On How to Be Present
I am frequently very resentful of my therapist because he's good at his job. He's right more often than he's not and he leads me to discuss things I would usually rather not deal with and it's powerfully annoying.
Last week, we spent most of the session discussing my tendency toward avoidance, my inability to ever be still or quiet. I always have sound in my ears, from when I drag myself yawning from my bed in the morning to when I get back into it at night. Podcasts, books read to me by a screen reader, music, TV shows, calls with friends. Whatever I can come up with to cocoon my brain, to insure that I will never have to experience the terror of meeting my own thoughts and keeping company with them in silence. And if ever there's a moment when there's no sound, I immediately take solace in scrolling social media so at least my thoughts have a safe place to land. My therapist called it a form of dissociating, which feels absurdly dramatic to me, the same way it feels to make such a big deal about wanting to change my name when I don't experience the dysphoria some trans people do when they're called by their deadnames.
Whatever you call it, it's an inarguable fact that it's not healthy. I know this.
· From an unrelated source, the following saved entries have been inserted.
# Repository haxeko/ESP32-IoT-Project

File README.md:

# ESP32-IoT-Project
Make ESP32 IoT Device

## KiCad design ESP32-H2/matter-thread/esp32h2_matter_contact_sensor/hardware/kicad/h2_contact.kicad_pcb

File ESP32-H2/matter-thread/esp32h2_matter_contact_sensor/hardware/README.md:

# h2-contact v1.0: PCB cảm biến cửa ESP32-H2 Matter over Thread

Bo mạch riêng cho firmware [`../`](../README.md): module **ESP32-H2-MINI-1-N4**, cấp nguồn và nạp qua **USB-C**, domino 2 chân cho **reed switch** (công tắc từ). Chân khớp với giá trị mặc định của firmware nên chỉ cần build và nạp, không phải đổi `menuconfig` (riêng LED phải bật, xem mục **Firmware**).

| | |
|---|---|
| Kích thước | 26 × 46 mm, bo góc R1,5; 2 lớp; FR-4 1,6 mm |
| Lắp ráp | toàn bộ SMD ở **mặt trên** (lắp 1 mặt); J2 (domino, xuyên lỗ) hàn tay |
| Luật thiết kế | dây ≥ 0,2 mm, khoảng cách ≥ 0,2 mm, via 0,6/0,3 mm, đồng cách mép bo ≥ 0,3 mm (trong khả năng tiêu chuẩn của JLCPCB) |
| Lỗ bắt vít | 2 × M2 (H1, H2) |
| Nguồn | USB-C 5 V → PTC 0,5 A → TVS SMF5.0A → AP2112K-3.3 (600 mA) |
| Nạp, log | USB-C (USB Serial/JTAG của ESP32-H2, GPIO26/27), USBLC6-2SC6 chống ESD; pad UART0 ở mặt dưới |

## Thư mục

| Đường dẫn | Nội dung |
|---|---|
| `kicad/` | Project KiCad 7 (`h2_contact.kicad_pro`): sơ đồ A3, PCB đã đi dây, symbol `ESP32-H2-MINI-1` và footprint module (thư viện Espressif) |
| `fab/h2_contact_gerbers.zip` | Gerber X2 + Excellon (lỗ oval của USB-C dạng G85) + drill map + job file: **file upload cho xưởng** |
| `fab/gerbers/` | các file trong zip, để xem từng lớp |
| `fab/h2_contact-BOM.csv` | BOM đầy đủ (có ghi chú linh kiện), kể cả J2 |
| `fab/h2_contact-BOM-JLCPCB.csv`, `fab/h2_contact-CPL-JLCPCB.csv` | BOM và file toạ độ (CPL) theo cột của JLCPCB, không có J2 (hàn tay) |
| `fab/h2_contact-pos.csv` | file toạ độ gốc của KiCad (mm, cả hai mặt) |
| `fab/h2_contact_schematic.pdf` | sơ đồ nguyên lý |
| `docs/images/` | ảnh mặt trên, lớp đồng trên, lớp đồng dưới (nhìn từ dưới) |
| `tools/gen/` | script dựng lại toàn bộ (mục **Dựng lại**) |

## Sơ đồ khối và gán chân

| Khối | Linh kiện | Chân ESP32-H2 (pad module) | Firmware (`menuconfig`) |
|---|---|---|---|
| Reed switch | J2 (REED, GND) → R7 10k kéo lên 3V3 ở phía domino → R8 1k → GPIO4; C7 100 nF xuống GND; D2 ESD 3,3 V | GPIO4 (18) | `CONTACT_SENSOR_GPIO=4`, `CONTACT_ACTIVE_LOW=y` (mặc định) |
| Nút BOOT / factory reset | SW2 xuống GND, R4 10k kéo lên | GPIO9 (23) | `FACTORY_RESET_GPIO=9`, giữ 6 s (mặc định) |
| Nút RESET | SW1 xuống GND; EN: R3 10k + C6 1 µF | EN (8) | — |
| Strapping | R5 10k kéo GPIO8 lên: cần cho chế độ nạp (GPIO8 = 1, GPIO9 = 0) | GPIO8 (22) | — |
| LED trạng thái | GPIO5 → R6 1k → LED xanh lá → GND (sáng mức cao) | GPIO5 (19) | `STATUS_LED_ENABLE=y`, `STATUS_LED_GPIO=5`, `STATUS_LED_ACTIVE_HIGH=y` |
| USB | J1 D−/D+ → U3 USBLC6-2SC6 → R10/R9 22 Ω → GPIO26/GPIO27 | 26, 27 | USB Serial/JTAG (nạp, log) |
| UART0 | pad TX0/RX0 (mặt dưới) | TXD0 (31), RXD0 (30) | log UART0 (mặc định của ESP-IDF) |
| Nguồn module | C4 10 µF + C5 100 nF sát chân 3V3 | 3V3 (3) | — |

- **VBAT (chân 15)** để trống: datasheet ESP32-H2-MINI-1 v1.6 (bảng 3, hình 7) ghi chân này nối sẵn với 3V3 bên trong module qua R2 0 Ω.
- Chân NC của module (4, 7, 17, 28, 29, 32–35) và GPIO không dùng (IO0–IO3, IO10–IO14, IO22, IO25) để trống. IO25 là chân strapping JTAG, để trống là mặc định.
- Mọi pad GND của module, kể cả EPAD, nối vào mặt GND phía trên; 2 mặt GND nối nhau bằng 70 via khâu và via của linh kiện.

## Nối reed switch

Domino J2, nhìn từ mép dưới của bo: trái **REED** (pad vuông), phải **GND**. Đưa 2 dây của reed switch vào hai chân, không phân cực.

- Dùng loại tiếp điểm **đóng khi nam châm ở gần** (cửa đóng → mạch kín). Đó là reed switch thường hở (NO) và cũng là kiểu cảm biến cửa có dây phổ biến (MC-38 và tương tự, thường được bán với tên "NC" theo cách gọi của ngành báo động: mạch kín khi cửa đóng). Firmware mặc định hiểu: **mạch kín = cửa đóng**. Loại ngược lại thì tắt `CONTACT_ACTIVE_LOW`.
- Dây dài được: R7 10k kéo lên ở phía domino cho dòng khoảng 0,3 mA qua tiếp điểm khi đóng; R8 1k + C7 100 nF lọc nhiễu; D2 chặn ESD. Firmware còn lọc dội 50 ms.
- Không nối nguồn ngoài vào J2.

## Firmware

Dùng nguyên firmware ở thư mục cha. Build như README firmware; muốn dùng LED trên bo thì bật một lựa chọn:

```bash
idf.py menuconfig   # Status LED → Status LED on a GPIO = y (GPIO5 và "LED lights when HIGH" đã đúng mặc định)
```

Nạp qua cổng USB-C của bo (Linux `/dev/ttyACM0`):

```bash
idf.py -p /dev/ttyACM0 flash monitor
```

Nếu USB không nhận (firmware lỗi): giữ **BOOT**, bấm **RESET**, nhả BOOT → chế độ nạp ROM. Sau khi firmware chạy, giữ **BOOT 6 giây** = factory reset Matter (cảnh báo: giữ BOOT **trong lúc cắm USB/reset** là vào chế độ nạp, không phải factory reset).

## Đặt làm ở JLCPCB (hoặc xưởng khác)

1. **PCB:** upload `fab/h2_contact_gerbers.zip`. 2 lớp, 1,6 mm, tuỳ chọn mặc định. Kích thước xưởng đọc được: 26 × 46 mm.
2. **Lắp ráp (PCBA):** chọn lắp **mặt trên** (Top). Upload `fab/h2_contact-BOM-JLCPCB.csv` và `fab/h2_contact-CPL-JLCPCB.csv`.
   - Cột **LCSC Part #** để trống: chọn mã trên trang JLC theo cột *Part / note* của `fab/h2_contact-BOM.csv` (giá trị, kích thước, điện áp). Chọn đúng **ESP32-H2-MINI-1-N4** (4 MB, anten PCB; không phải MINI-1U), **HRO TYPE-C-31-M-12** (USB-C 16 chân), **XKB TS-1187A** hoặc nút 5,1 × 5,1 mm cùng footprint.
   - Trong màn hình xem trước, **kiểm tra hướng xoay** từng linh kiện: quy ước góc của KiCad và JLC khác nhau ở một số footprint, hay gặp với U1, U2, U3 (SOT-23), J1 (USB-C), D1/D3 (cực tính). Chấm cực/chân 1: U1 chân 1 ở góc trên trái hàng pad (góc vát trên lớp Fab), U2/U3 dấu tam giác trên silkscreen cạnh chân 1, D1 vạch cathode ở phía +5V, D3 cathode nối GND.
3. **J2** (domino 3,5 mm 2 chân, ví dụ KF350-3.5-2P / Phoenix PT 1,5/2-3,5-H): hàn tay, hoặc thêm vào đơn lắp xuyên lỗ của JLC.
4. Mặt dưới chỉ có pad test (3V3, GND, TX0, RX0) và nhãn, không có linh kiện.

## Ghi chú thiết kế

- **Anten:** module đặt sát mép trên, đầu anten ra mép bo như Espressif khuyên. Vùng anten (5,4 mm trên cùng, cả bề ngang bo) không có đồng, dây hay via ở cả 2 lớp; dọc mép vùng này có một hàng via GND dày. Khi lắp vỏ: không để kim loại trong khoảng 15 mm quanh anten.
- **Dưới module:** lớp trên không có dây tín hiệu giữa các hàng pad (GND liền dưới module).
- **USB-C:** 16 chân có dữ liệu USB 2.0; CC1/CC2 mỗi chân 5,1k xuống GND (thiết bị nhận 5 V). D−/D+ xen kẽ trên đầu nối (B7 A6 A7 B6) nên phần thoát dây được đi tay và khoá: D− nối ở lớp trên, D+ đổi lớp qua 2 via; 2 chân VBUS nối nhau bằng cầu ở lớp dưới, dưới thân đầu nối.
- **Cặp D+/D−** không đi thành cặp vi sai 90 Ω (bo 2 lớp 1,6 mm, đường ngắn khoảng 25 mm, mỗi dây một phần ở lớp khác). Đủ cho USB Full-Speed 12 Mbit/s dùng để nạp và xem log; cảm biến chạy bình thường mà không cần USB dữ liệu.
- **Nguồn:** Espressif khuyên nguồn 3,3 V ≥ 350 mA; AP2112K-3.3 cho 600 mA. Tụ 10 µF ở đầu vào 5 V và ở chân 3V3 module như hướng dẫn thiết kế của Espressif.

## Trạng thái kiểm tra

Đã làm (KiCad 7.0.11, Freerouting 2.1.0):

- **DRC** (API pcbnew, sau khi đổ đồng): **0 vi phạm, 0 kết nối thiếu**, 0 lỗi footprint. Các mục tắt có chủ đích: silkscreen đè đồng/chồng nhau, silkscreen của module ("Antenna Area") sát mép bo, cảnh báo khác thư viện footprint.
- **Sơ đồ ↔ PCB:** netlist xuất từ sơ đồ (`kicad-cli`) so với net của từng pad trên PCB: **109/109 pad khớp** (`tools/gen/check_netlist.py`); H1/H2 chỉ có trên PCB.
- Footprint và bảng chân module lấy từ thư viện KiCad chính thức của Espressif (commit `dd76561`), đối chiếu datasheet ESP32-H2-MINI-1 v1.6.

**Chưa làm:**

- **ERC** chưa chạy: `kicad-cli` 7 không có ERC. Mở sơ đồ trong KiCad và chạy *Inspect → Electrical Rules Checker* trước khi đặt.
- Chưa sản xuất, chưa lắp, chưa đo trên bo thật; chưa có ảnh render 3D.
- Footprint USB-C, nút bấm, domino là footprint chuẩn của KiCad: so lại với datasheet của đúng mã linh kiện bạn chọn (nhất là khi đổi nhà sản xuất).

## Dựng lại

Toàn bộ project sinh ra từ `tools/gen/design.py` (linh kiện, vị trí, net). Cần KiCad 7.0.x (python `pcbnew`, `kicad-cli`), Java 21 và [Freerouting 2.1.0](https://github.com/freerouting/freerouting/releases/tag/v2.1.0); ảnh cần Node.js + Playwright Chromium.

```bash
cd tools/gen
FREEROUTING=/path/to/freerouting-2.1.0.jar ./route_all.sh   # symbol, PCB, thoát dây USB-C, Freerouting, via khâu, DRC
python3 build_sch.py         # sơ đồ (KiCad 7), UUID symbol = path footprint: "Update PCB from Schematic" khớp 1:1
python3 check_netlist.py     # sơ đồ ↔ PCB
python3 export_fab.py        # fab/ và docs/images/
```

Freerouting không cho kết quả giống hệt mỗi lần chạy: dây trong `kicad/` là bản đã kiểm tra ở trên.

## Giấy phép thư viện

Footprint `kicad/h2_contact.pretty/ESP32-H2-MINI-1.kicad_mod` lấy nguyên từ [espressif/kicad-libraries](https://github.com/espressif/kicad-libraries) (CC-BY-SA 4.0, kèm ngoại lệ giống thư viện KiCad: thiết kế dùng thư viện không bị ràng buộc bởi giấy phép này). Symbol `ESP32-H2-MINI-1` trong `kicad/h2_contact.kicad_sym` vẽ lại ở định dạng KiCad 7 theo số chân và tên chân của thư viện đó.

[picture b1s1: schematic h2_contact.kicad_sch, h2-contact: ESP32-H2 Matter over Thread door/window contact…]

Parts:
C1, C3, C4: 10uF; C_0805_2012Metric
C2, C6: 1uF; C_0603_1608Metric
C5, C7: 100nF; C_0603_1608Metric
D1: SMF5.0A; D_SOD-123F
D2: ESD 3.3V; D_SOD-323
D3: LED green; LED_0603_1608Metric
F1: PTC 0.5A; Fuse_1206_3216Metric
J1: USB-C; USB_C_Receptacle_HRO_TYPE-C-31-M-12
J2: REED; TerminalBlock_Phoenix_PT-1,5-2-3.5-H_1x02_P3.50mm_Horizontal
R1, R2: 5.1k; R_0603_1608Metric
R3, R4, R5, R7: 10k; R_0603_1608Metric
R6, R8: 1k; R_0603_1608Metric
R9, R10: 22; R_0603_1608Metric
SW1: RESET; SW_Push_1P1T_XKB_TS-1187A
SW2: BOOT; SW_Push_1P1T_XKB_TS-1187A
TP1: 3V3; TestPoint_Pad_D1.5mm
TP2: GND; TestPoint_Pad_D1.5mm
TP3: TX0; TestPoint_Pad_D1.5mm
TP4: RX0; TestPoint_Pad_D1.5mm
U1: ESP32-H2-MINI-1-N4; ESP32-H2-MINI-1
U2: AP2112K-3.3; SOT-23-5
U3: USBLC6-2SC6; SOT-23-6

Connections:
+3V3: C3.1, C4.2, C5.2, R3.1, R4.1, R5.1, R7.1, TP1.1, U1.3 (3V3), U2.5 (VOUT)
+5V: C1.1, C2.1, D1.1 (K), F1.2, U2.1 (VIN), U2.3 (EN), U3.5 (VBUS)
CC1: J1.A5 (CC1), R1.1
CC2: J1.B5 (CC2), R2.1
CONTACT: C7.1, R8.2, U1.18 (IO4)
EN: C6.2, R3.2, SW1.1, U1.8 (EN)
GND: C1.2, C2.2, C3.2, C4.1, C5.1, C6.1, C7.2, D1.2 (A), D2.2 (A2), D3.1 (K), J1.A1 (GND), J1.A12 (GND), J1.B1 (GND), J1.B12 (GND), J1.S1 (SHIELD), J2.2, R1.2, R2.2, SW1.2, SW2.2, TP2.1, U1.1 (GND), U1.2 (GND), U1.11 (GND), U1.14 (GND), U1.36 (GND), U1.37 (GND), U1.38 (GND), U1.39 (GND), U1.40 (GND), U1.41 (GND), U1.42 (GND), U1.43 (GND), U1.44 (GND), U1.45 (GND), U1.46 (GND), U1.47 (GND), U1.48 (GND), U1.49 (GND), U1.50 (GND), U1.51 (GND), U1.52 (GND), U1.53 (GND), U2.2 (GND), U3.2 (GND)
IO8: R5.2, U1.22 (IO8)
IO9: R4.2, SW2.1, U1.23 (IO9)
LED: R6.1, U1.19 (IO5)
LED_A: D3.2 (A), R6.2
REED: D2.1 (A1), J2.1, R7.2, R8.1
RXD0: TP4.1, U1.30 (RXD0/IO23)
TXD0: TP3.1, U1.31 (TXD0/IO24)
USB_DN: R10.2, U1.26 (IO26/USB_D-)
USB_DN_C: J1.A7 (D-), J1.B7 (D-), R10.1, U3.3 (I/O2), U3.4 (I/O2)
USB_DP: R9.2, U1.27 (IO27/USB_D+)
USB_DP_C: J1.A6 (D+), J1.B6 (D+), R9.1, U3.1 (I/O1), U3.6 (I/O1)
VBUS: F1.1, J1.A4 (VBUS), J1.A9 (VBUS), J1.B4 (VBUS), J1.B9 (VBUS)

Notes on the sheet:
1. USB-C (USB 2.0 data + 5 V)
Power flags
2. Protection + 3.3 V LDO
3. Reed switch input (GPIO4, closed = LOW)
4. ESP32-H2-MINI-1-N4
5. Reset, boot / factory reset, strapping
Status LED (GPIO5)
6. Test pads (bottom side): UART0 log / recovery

It doesn't keep me from doing it, but I know. The idea of deliberately choosing to focus on my own thoughts, of quieting the noise and seeing what comes up, feels utterly insane to me. It feels unfathomable. Why would I ever want to do that? What could there be to gain? I know what will happen, which is that I'll dwell on everything that's rotten and poisonous in the world and in myself until I send myself into a fit of anxiety it will take days to recover from. The only alternative I can imagine is that I'll just fall into a stupor of boredom without something for my brain to focus on. I need other people's drama, or comedy, or musical output, or fear to immerse myself in because my own life is so devoid of anything interesting or stimulating. I'm so stagnant despite my best efforts at moving forward. Better to live vicariously through the experiences of others than to be present in the here and now.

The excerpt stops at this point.